Watching the latest missile exchanges in the Middle East, one is reminded how little modern war resembles the battles that once defined it.
There was a time when war possessed a kind of grim symmetry. Armies lined up in open fields and fired upon the line in front of them. Soldiers advanced in formation, sometimes even allowing the opposing side the first volley. Brutal as it was, combat followed a certain geometry: two forces visible to one another, each accepting roughly the same danger.
Modern war no longer observes that arrangement.
Over time warfare has become more indirect, more defensive, and often more patient. Victory is less about heroic charges than about the quieter arithmetic of suffering fewer casualties. The Wilderness campaign in the American Civil War hinted at the change. The trenches of the First World War confirmed it. The guerrilla struggles of Southeast Asia made it unmistakable.
In such conflicts the battlefield becomes harder to define.
Civilian populations move closer to the center of events. Armies require industry, transport, and supply. Guerrilla forces operate among local communities. Strategic bombing and terrorism alike draw civilians into wars that once belonged primarily to soldiers. Each side condemns the other’s tactics while discovering reasons to defend its own.
History offers sobering examples. The destruction of Hiroshima and Dresden was defended as a way to shorten the war and spare additional military casualties. Terrorist movements, by contrast, often target civilians precisely because they are vulnerable and because fear multiplies the political effect of violence. Russia’s war in Ukraine has at times appeared designed not only to defeat Ukrainian forces but to impose sustained hardship on civilian life.
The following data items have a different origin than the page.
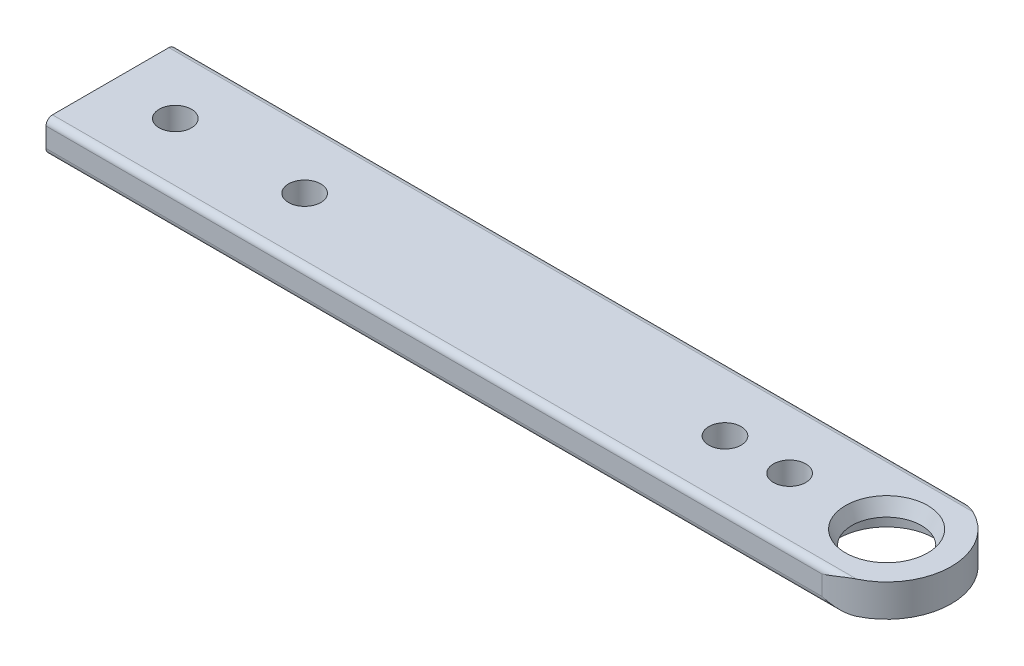
ISO-10303-21;
HEADER;
FILE_DESCRIPTION(('STEP AP214'),'2;1');
FILE_NAME('part.step','',(''),(''),'','','');
FILE_SCHEMA(('AUTOMOTIVE_DESIGN { 1 0 10303 214 1 1 1 1 }'));
ENDSEC;
DATA;
#1=APPLICATION_CONTEXT('core data for automotive mechanical design processes');
#2=APPLICATION_PROTOCOL_DEFINITION('international standard','automotive_design',2000,#1);
#3=PRODUCT_CONTEXT('',#1,'mechanical');
#4=PRODUCT('Part','Part','',(#3));
#5=PRODUCT_RELATED_PRODUCT_CATEGORY('part','',(#4));
#6=PRODUCT_DEFINITION_FORMATION('','',#4);
#7=PRODUCT_DEFINITION_CONTEXT('part definition',#1,'design');
#8=PRODUCT_DEFINITION('design','',#6,#7);
#9=PRODUCT_DEFINITION_SHAPE('','',#8);
#10=(LENGTH_UNIT() NAMED_UNIT(*) SI_UNIT(.MILLI.,.METRE.));
#11=(NAMED_UNIT(*) PLANE_ANGLE_UNIT() SI_UNIT($,.RADIAN.));
#12=(NAMED_UNIT(*) SI_UNIT($,.STERADIAN.) SOLID_ANGLE_UNIT());
#13=UNCERTAINTY_MEASURE_WITH_UNIT(LENGTH_MEASURE(1.E-05),#10,'distance_accuracy_value','');
#14=(GEOMETRIC_REPRESENTATION_CONTEXT(3) GLOBAL_UNCERTAINTY_ASSIGNED_CONTEXT((#13)) GLOBAL_UNIT_ASSIGNED_CONTEXT((#10,
#11,#12)) REPRESENTATION_CONTEXT('',''));
#15=CARTESIAN_POINT('',(0.,0.,0.));
#16=DIRECTION('',(0.,0.,1.));
#17=DIRECTION('',(1.,0.,0.));
#18=AXIS2_PLACEMENT_3D('',#15,#16,#17);
#19=CARTESIAN_POINT('',(0.,6.35,0.));
#20=DIRECTION('',(0.,1.,0.));
#21=DIRECTION('',(0.,0.,1.));
#22=AXIS2_PLACEMENT_3D('',#19,#20,#21);
#23=PLANE('',#22);
#24=CARTESIAN_POINT('',(69.85,6.35,0.));
#25=DIRECTION('',(0.,-1.,0.));
#26=DIRECTION('',(0.,0.,-1.));
#27=AXIS2_PLACEMENT_3D('',#24,#25,#26);
#28=CIRCLE('',#27,8.06821118956826);
#29=CARTESIAN_POINT('',(69.85,6.35,-8.06821118956826));
#30=VERTEX_POINT('',#29);
#31=EDGE_CURVE('E263',#30,#30,#28,.T.);
#32=ORIENTED_EDGE('',*,*,#31,.T.);
#33=EDGE_LOOP('',(#32));
#34=FACE_BOUND('',#33,.T.);
#35=CARTESIAN_POINT('',(50.8,6.35,0.));
#36=DIRECTION('',(0.,-1.,0.));
#37=DIRECTION('',(0.,0.,-1.));
#38=AXIS2_PLACEMENT_3D('',#35,#36,#37);
#39=CIRCLE('',#38,3.175);
#40=CARTESIAN_POINT('',(50.8,6.35,-3.17499999999998));
#41=VERTEX_POINT('',#40);
#42=EDGE_CURVE('E244',#41,#41,#39,.T.);
#43=ORIENTED_EDGE('',*,*,#42,.T.);
#44=EDGE_LOOP('',(#43));
#45=FACE_BOUND('',#44,.T.);
#46=CARTESIAN_POINT('',(38.1,6.35,0.));
#47=DIRECTION('',(0.,-1.,0.));
#48=DIRECTION('',(0.,0.,-1.));
#49=AXIS2_PLACEMENT_3D('',#46,#47,#48);
#50=CIRCLE('',#49,3.175);
#51=CARTESIAN_POINT('',(38.1,6.35,-3.17499999999998));
#52=VERTEX_POINT('',#51);
#53=EDGE_CURVE('E251',#52,#52,#50,.T.);
#54=ORIENTED_EDGE('',*,*,#53,.T.);
#55=EDGE_LOOP('',(#54));
#56=FACE_BOUND('',#55,.T.);
#57=CARTESIAN_POINT('',(-69.85,6.35,0.));
#58=DIRECTION('',(0.,1.,0.));
#59=DIRECTION('',(0.,0.,1.));
#60=AXIS2_PLACEMENT_3D('',#57,#58,#59);
#61=CIRCLE('',#60,3.175);
#62=CARTESIAN_POINT('',(-69.85,6.35,3.175));
#63=VERTEX_POINT('',#62);
#64=EDGE_CURVE('E209',#63,#63,#61,.T.);
#65=ORIENTED_EDGE('',*,*,#64,.F.);
#66=EDGE_LOOP('',(#65));
#67=FACE_BOUND('',#66,.T.);
#68=CARTESIAN_POINT('',(-44.45,6.35,0.));
#69=DIRECTION('',(0.,1.,0.));
#70=DIRECTION('',(0.,0.,1.));
#71=AXIS2_PLACEMENT_3D('',#68,#69,#70);
#72=CIRCLE('',#71,3.175);
#73=CARTESIAN_POINT('',(-44.45,6.35,3.175));
#74=VERTEX_POINT('',#73);
#75=EDGE_CURVE('E212',#74,#74,#72,.T.);
#76=ORIENTED_EDGE('',*,*,#75,.F.);
#77=EDGE_LOOP('',(#76));
#78=FACE_BOUND('',#77,.T.);
#79=CARTESIAN_POINT('',(69.85,6.35,0.));
#80=DIRECTION('',(0.,-1.,0.));
#81=DIRECTION('',(0.,0.,-1.));
#82=AXIS2_PLACEMENT_3D('',#79,#80,#81);
#83=CIRCLE('',#82,12.7);
#84=CARTESIAN_POINT('',(75.3858016582966,6.35,-11.43));
#85=VERTEX_POINT('',#84);
#86=CARTESIAN_POINT('',(75.3858016582967,6.35,11.43));
#87=VERTEX_POINT('',#86);
#88=EDGE_CURVE('E67',#85,#87,#83,.T.);
#89=ORIENTED_EDGE('',*,*,#88,.F.);
#90=DIRECTION('',(-1.,0.,0.));
#91=VECTOR('',#90,1.);
#92=CARTESIAN_POINT('',(-82.55,6.35,-11.43));
#93=LINE('',#92,#91);
#94=CARTESIAN_POINT('',(-82.55,6.35,-11.43));
#95=VERTEX_POINT('',#94);
#96=EDGE_CURVE('E145',#85,#95,#93,.T.);
#97=ORIENTED_EDGE('',*,*,#96,.T.);
#98=DIRECTION('',(0.,0.,1.));
#99=VECTOR('',#98,1.);
#100=CARTESIAN_POINT('',(-82.55,6.35,12.7));
#101=LINE('',#100,#99);
#102=CARTESIAN_POINT('',(-82.55,6.35,11.43));
#103=VERTEX_POINT('',#102);
#104=EDGE_CURVE('E220',#95,#103,#101,.T.);
#105=ORIENTED_EDGE('',*,*,#104,.T.);
#106=DIRECTION('',(1.,0.,0.));
#107=VECTOR('',#106,1.);
#108=CARTESIAN_POINT('',(82.55,6.35,11.43));
#109=LINE('',#108,#107);
#110=EDGE_CURVE('E141',#103,#87,#109,.T.);
#111=ORIENTED_EDGE('',*,*,#110,.T.);
#112=EDGE_LOOP('',(#89,#97,#105,#111));
#113=FACE_BOUND('',#112,.T.);
#114=ADVANCED_FACE('F45',(#34,#45,#56,#67,#78,#113),#23,.T.);
#115=CARTESIAN_POINT('',(0.,0.,0.));
#116=DIRECTION('',(0.,1.,0.));
#117=DIRECTION('',(0.,0.,1.));
#118=AXIS2_PLACEMENT_3D('',#115,#116,#117);
#119=PLANE('',#118);
#120=CARTESIAN_POINT('',(50.8,0.,0.));
#121=DIRECTION('',(0.,-1.,0.));
#122=DIRECTION('',(0.,0.,-1.));
#123=AXIS2_PLACEMENT_3D('',#120,#121,#122);
#124=CIRCLE('',#123,3.175);
#125=CARTESIAN_POINT('',(50.8,0.,-3.17499999999998));
#126=VERTEX_POINT('',#125);
#127=EDGE_CURVE('E246',#126,#126,#124,.T.);
#128=ORIENTED_EDGE('',*,*,#127,.F.);
#129=EDGE_LOOP('',(#128));
#130=FACE_BOUND('',#129,.T.);
#131=CARTESIAN_POINT('',(38.1,0.,0.));
#132=DIRECTION('',(0.,-1.,0.));
#133=DIRECTION('',(0.,0.,-1.));
#134=AXIS2_PLACEMENT_3D('',#131,#132,#133);
#135=CIRCLE('',#134,3.175);
#136=CARTESIAN_POINT('',(38.1,0.,-3.17499999999998));
#137=VERTEX_POINT('',#136);
#138=EDGE_CURVE('E258',#137,#137,#135,.T.);
#139=ORIENTED_EDGE('',*,*,#138,.F.);
#140=EDGE_LOOP('',(#139));
#141=FACE_BOUND('',#140,.T.);
#142=CARTESIAN_POINT('',(69.85,0.,0.));
#143=DIRECTION('',(0.,-1.,0.));
#144=DIRECTION('',(0.,0.,-1.));
#145=AXIS2_PLACEMENT_3D('',#142,#143,#144);
#146=CIRCLE('',#145,9.52499999999999);
#147=CARTESIAN_POINT('',(69.85,0.,-9.52499999999999));
#148=VERTEX_POINT('',#147);
#149=EDGE_CURVE('E201',#148,#148,#146,.T.);
#150=ORIENTED_EDGE('',*,*,#149,.F.);
#151=EDGE_LOOP('',(#150));
#152=FACE_BOUND('',#151,.T.);
#153=CARTESIAN_POINT('',(-69.85,0.,0.));
#154=DIRECTION('',(0.,1.,0.));
#155=DIRECTION('',(0.,0.,1.));
#156=AXIS2_PLACEMENT_3D('',#153,#154,#155);
#157=CIRCLE('',#156,3.175);
#158=CARTESIAN_POINT('',(-69.85,0.,3.175));
#159=VERTEX_POINT('',#158);
#160=EDGE_CURVE('E206',#159,#159,#157,.T.);
#161=ORIENTED_EDGE('',*,*,#160,.T.);
#162=EDGE_LOOP('',(#161));
#163=FACE_BOUND('',#162,.T.);
#164=CARTESIAN_POINT('',(-44.45,0.,0.));
#165=DIRECTION('',(0.,1.,0.));
#166=DIRECTION('',(0.,0.,1.));
#167=AXIS2_PLACEMENT_3D('',#164,#165,#166);
#168=CIRCLE('',#167,3.175);
#169=CARTESIAN_POINT('',(-44.45,0.,3.175));
#170=VERTEX_POINT('',#169);
#171=EDGE_CURVE('E215',#170,#170,#168,.T.);
#172=ORIENTED_EDGE('',*,*,#171,.T.);
#173=EDGE_LOOP('',(#172));
#174=FACE_BOUND('',#173,.T.);
#175=DIRECTION('',(-1.,0.,0.));
#176=VECTOR('',#175,1.);
#177=CARTESIAN_POINT('',(0.,0.,-11.43));
#178=LINE('',#177,#176);
#179=CARTESIAN_POINT('',(-82.55,0.,-11.43));
#180=VERTEX_POINT('',#179);
#181=CARTESIAN_POINT('',(75.3858016582966,0.,-11.43));
#182=VERTEX_POINT('',#181);
#183=EDGE_CURVE('E133',#180,#182,#178,.F.);
#184=ORIENTED_EDGE('',*,*,#183,.T.);
#185=CARTESIAN_POINT('',(69.85,0.,0.));
#186=DIRECTION('',(0.,-1.,0.));
#187=DIRECTION('',(0.,0.,-1.));
#188=AXIS2_PLACEMENT_3D('',#185,#186,#187);
#189=CIRCLE('',#188,12.7);
#190=CARTESIAN_POINT('',(75.3858016582967,0.,11.43));
#191=VERTEX_POINT('',#190);
#192=EDGE_CURVE('E117',#182,#191,#189,.T.);
#193=ORIENTED_EDGE('',*,*,#192,.T.);
#194=DIRECTION('',(1.,0.,0.));
#195=VECTOR('',#194,1.);
#196=CARTESIAN_POINT('',(0.,0.,11.43));
#197=LINE('',#196,#195);
#198=CARTESIAN_POINT('',(-82.55,0.,11.43));
#199=VERTEX_POINT('',#198);
#200=EDGE_CURVE('E142',#191,#199,#197,.F.);
#201=ORIENTED_EDGE('',*,*,#200,.T.);
#202=DIRECTION('',(0.,0.,1.));
#203=VECTOR('',#202,1.);
#204=CARTESIAN_POINT('',(-82.55,0.,12.7));
#205=LINE('',#204,#203);
#206=EDGE_CURVE('E140',#180,#199,#205,.T.);
#207=ORIENTED_EDGE('',*,*,#206,.F.);
#208=EDGE_LOOP('',(#184,#193,#201,#207));
#209=FACE_BOUND('',#208,.T.);
#210=ADVANCED_FACE('F138',(#130,#141,#152,#163,#174,#209),#119,.F.);
#211=CARTESIAN_POINT('',(82.55,1.27,-11.43));
#212=DIRECTION('',(-1.,0.,0.));
#213=DIRECTION('',(0.,0.,1.));
#214=AXIS2_PLACEMENT_3D('',#211,#212,#213);
#215=CYLINDRICAL_SURFACE('',#214,1.27);
#216=DIRECTION('',(-1.,0.,0.));
#217=VECTOR('',#216,1.);
#218=CARTESIAN_POINT('',(82.55,1.27,-12.7));
#219=LINE('',#218,#217);
#220=CARTESIAN_POINT('',(69.85,1.27,-12.7));
#221=VERTEX_POINT('',#220);
#222=CARTESIAN_POINT('',(-82.55,1.27,-12.7));
#223=VERTEX_POINT('',#222);
#224=EDGE_CURVE('E134',#221,#223,#219,.T.);
#225=ORIENTED_EDGE('',*,*,#224,.F.);
#226=CARTESIAN_POINT('',(75.3858016582966,0.,-11.43));
#227=CARTESIAN_POINT('',(75.2939523209689,1.92772555725316E-05,-11.4744872462178));
#228=CARTESIAN_POINT('',(75.2015878356906,0.00233647166316483,-11.5178520842446));
#229=CARTESIAN_POINT('',(75.0160360486509,0.0110172060336333,-11.6022601093239));
#230=CARTESIAN_POINT('',(74.9228491157849,0.0173790145875732,-11.6433042816189));
#231=CARTESIAN_POINT('',(74.7359635143713,0.0335846195538852,-11.7229545335453));
#232=CARTESIAN_POINT('',(74.642266198815,0.043421598840645,-11.7615652133737));
#233=CARTESIAN_POINT('',(74.4542909556266,0.0661496642804285,-11.8364159215431));
#234=CARTESIAN_POINT('',(74.360012958563,0.0790411228415021,-11.8726556601263));
#235=CARTESIAN_POINT('',(74.0772513758382,0.121601080213901,-11.9775055511098));
#236=CARTESIAN_POINT('',(73.8880389209196,0.155231358173089,-12.0425872895512));
#237=CARTESIAN_POINT('',(73.5081894972684,0.230699084383104,-12.1633638007161));
#238=CARTESIAN_POINT('',(73.3175516924066,0.272541784861162,-12.2190525235647));
#239=CARTESIAN_POINT('',(72.8574600440097,0.380897690265937,-12.3419061944534));
#240=CARTESIAN_POINT('',(72.5875093348422,0.450520306146318,-12.4045161650886));
#241=CARTESIAN_POINT('',(72.0464559393997,0.598263065234191,-12.5116630503131));
#242=CARTESIAN_POINT('',(71.7753530850851,0.676384491931151,-12.5561972302807));
#243=CARTESIAN_POINT('',(70.9607258242278,0.918772280089303,-12.6631822082611));
#244=CARTESIAN_POINT('',(70.4157090475464,1.09110727162133,-12.6990612591252));
#245=CARTESIAN_POINT('',(69.864326500781,1.26546958246974,-12.6999939353161));
#246=CARTESIAN_POINT('',(69.8571631781075,1.26773482439116,-12.6999999955666));
#247=CARTESIAN_POINT('',(69.85,1.27,-12.7));
#248=B_SPLINE_CURVE_WITH_KNOTS('',3,(#226,#227,#228,#229,#230,#231,#232,#233,#234,#235,#236,
#237,#238,#239,#240,#241,#242,#243,#244,#245,#246,#247),.UNSPECIFIED.,.F.,.F.,(4,2,2,2,2,2,2,2,
2,2,4),(0.,0.30609774333326,0.61206454121008,0.917434436977585,1.22284158321193,
1.83103979124338,2.43962824537106,3.29593053212367,4.15236231754342,5.86467420752005,
5.88721307019278),.UNSPECIFIED.);
#249=EDGE_CURVE('E120',#221,#182,#248,.F.);
#250=ORIENTED_EDGE('',*,*,#249,.T.);
#251=ORIENTED_EDGE('',*,*,#183,.F.);
#252=CARTESIAN_POINT('',(-82.55,1.27,-11.43));
#253=DIRECTION('',(1.,0.,0.));
#254=DIRECTION('',(0.,0.,-1.));
#255=AXIS2_PLACEMENT_3D('',#252,#253,#254);
#256=CIRCLE('',#255,1.27);
#257=EDGE_CURVE('E147',#223,#180,#256,.F.);
#258=ORIENTED_EDGE('',*,*,#257,.F.);
#259=EDGE_LOOP('',(#225,#250,#251,#258));
#260=FACE_BOUND('',#259,.T.);
#261=ADVANCED_FACE('F131',(#260),#215,.T.);
#262=CARTESIAN_POINT('',(0.,5.08,-11.43));
#263=DIRECTION('',(1.,0.,0.));
#264=DIRECTION('',(0.,0.,-1.));
#265=AXIS2_PLACEMENT_3D('',#262,#263,#264);
#266=CYLINDRICAL_SURFACE('',#265,1.27);
#267=ORIENTED_EDGE('',*,*,#96,.F.);
#268=CARTESIAN_POINT('',(75.3858016582966,6.35,-11.43));
#269=CARTESIAN_POINT('',(75.2939523209689,6.34998072274443,-11.4744872462178));
#270=CARTESIAN_POINT('',(75.2015878356907,6.34766352833684,-11.5178520842446));
#271=CARTESIAN_POINT('',(75.0160360486509,6.33898279396637,-11.6022601093239));
#272=CARTESIAN_POINT('',(74.9228491157849,6.33262098541243,-11.6433042816189));
#273=CARTESIAN_POINT('',(74.7359635143713,6.31641538044612,-11.7229545335453));
#274=CARTESIAN_POINT('',(74.642266198815,6.30657840115936,-11.7615652133737));
#275=CARTESIAN_POINT('',(74.4542909556266,6.28385033571957,-11.8364159215431));
#276=CARTESIAN_POINT('',(74.360012958563,6.2709588771585,-11.8726556601263));
#277=CARTESIAN_POINT('',(74.0772513758382,6.2283989197861,-11.9775055511098));
#278=CARTESIAN_POINT('',(73.8880389209196,6.19476864182691,-12.0425872895512));
#279=CARTESIAN_POINT('',(73.5081894972684,6.1193009156169,-12.1633638007161));
#280=CARTESIAN_POINT('',(73.3175516924066,6.07745821513884,-12.2190525235647));
#281=CARTESIAN_POINT('',(72.8574600440097,5.96910230973406,-12.3419061944534));
#282=CARTESIAN_POINT('',(72.5875093348422,5.89947969385368,-12.4045161650886));
#283=CARTESIAN_POINT('',(72.0464559393997,5.7517369347658,-12.5116630503131));
#284=CARTESIAN_POINT('',(71.7753530850851,5.67361550806883,-12.5561972302807));
#285=CARTESIAN_POINT('',(70.9607258242277,5.43122771991073,-12.6631822082611));
#286=CARTESIAN_POINT('',(70.4157090475463,5.25889272837882,-12.6990612591252));
#287=CARTESIAN_POINT('',(69.864326500781,5.08453041753026,-12.6999939353161));
#288=CARTESIAN_POINT('',(69.8571631781075,5.08226517560884,-12.6999999955666));
#289=CARTESIAN_POINT('',(69.85,5.08,-12.7));
#290=B_SPLINE_CURVE_WITH_KNOTS('',3,(#268,#269,#270,#271,#272,#273,#274,#275,#276,#277,#278,
#279,#280,#281,#282,#283,#284,#285,#286,#287,#288,#289),.UNSPECIFIED.,.F.,.F.,(4,2,2,2,2,2,2,2,
2,2,4),(0.,0.306097743333229,0.612064541210051,0.917434436977556,1.22284158321191,
1.83103979124338,2.43962824537106,3.29593053212368,4.15236231754343,5.86467420752005,
5.88721307019278),.UNSPECIFIED.);
#291=CARTESIAN_POINT('',(69.85,5.08,-12.7));
#292=VERTEX_POINT('',#291);
#293=EDGE_CURVE('E12',#85,#292,#290,.T.);
#294=ORIENTED_EDGE('',*,*,#293,.T.);
#295=DIRECTION('',(-1.,0.,0.));
#296=VECTOR('',#295,1.);
#297=CARTESIAN_POINT('',(82.55,5.08,-12.7));
#298=LINE('',#297,#296);
#299=CARTESIAN_POINT('',(-82.55,5.08,-12.7));
#300=VERTEX_POINT('',#299);
#301=EDGE_CURVE('E229',#300,#292,#298,.F.);
#302=ORIENTED_EDGE('',*,*,#301,.F.);
#303=CARTESIAN_POINT('',(-82.55,5.08,-11.43));
#304=DIRECTION('',(1.,0.,0.));
#305=DIRECTION('',(0.,0.,-1.));
#306=AXIS2_PLACEMENT_3D('',#303,#304,#305);
#307=CIRCLE('',#306,1.27);
#308=EDGE_CURVE('E236',#95,#300,#307,.F.);
#309=ORIENTED_EDGE('',*,*,#308,.F.);
#310=EDGE_LOOP('',(#267,#294,#302,#309));
#311=FACE_BOUND('',#310,.T.);
#312=ADVANCED_FACE('F184',(#311),#266,.T.);
#313=CARTESIAN_POINT('',(82.55,6.35,12.7));
#314=DIRECTION('',(0.,0.,-1.));
#315=DIRECTION('',(-1.,0.,0.));
#316=AXIS2_PLACEMENT_3D('',#313,#314,#315);
#317=PLANE('',#316);
#318=DIRECTION('',(0.,-1.,0.));
#319=VECTOR('',#318,1.);
#320=CARTESIAN_POINT('',(69.85,6.35,12.7));
#321=LINE('',#320,#319);
#322=CARTESIAN_POINT('',(69.85,5.08,12.7));
#323=VERTEX_POINT('',#322);
#324=CARTESIAN_POINT('',(69.85,1.27,12.7));
#325=VERTEX_POINT('',#324);
#326=EDGE_CURVE('E202',#323,#325,#321,.T.);
#327=ORIENTED_EDGE('',*,*,#326,.F.);
#328=DIRECTION('',(1.,0.,0.));
#329=VECTOR('',#328,1.);
#330=CARTESIAN_POINT('',(-82.55,5.08,12.7));
#331=LINE('',#330,#329);
#332=CARTESIAN_POINT('',(-82.55,5.08,12.7));
#333=VERTEX_POINT('',#332);
#334=EDGE_CURVE('E152',#323,#333,#331,.F.);
#335=ORIENTED_EDGE('',*,*,#334,.T.);
#336=DIRECTION('',(0.,-1.,0.));
#337=VECTOR('',#336,1.);
#338=CARTESIAN_POINT('',(-82.55,6.35,12.7));
#339=LINE('',#338,#337);
#340=CARTESIAN_POINT('',(-82.55,1.27,12.7));
#341=VERTEX_POINT('',#340);
#342=EDGE_CURVE('E226',#333,#341,#339,.T.);
#343=ORIENTED_EDGE('',*,*,#342,.T.);
#344=DIRECTION('',(1.,0.,0.));
#345=VECTOR('',#344,1.);
#346=CARTESIAN_POINT('',(82.55,1.27,12.7));
#347=LINE('',#346,#345);
#348=EDGE_CURVE('E154',#341,#325,#347,.T.);
#349=ORIENTED_EDGE('',*,*,#348,.T.);
#350=EDGE_LOOP('',(#327,#335,#343,#349));
#351=FACE_BOUND('',#350,.T.);
#352=ADVANCED_FACE('F189',(#351),#317,.F.);
#353=CARTESIAN_POINT('',(82.55,1.27,11.43));
#354=DIRECTION('',(1.,0.,0.));
#355=DIRECTION('',(0.,0.,-1.));
#356=AXIS2_PLACEMENT_3D('',#353,#354,#355);
#357=CYLINDRICAL_SURFACE('',#356,1.27);
#358=ORIENTED_EDGE('',*,*,#200,.F.);
#359=CARTESIAN_POINT('',(75.3858016582967,0.,11.43));
#360=CARTESIAN_POINT('',(75.2939523209684,1.92772555739418E-05,11.4744872462181));
#361=CARTESIAN_POINT('',(75.2015878356895,0.00233647166319452,11.5178520842451));
#362=CARTESIAN_POINT('',(75.0160360486486,0.0110172060337673,11.6022601093249));
#363=CARTESIAN_POINT('',(74.922849115782,0.017379014587784,11.6433042816202));
#364=CARTESIAN_POINT('',(74.7359635143673,0.0335846195542791,11.722954533547));
#365=CARTESIAN_POINT('',(74.6422661988105,0.0434215988411402,11.7615652133755));
#366=CARTESIAN_POINT('',(74.4542909556212,0.0661496642811411,11.8364159215452));
#367=CARTESIAN_POINT('',(74.3600129585571,0.0790411228423308,11.8726556601285));
#368=CARTESIAN_POINT('',(74.077251375833,0.121601080214831,11.9775055511116));
#369=CARTESIAN_POINT('',(73.8880389209155,0.155231358173954,12.0425872895525));
#370=CARTESIAN_POINT('',(73.5081894972665,0.230699084383471,12.1633638007167));
#371=CARTESIAN_POINT('',(73.3175516924055,0.272541784861104,12.2190525235649));
#372=CARTESIAN_POINT('',(72.85746004401,0.380897690266325,12.3419061944533));
#373=CARTESIAN_POINT('',(72.5875093348431,0.450520306148113,12.4045161650886));
#374=CARTESIAN_POINT('',(72.0464559394,0.598263065232104,12.511663050313));
#375=CARTESIAN_POINT('',(71.7753530850841,0.676384491923765,12.5561972302805));
#376=CARTESIAN_POINT('',(70.9607258242333,0.918772280103098,12.6631822082611));
#377=CARTESIAN_POINT('',(70.4157090475713,1.09110727169831,12.6990612591254));
#378=CARTESIAN_POINT('',(69.8643265007816,1.26546958247177,12.6999939353161));
#379=CARTESIAN_POINT('',(69.8571631781078,1.26773482439218,12.6999999955666));
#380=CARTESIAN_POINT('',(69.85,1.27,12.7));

These patterns are not unique to any single nation or ideology. They are features of modern conflict itself.
Recent criticism of Iran reflects the same dilemma. Tehran has responded to pressure by striking neighboring states that host American bases or support Washington’s strategy. Critics argue such actions merely widen the circle of enemies. Others question why Muslim neighbors should become targets at all.
Yet from the perspective of a weaker power confronting stronger adversaries, the menu of options is often narrow. When direct confrontation proves difficult, governments search for targets within reach. Short-range missiles, proxy forces, and regional pressure become substitutes for decisive battlefield victories.
None of this makes such choices admirable. It merely explains why they occur.
The uncomfortable truth is that modern war increasingly rewards those who can impose costs without exposing themselves to equal danger. The temptation to exploit that imbalance has proved strong in every generation.
The imbalance also distorts our language of bravery. When one side can strike from afar with little immediate risk while the other absorbs the consequences on its own soil, courage becomes a difficult word to apply cleanly. Modern warfare often separates those who make decisions from those who bear the danger.
For that reason the moral vocabulary surrounding war remains indispensable. Statesmen must still speak of restraint, proportionality, and the protection of civilian life — even when those principles are imperfectly observed. Without such language the conduct of war risks drifting entirely into the realm of calculation.
Peace rarely emerges from battlefield exhaustion alone. It comes when adversaries conclude that the costs of continuing exceed the risks of compromise.
There is little sign that moment has arrived. But history suggests that even the most hardened conflicts eventually return to negotiation.
The challenge for statesmen is to remember, even while wars are being fought, that the world which follows them must still be inhabited together.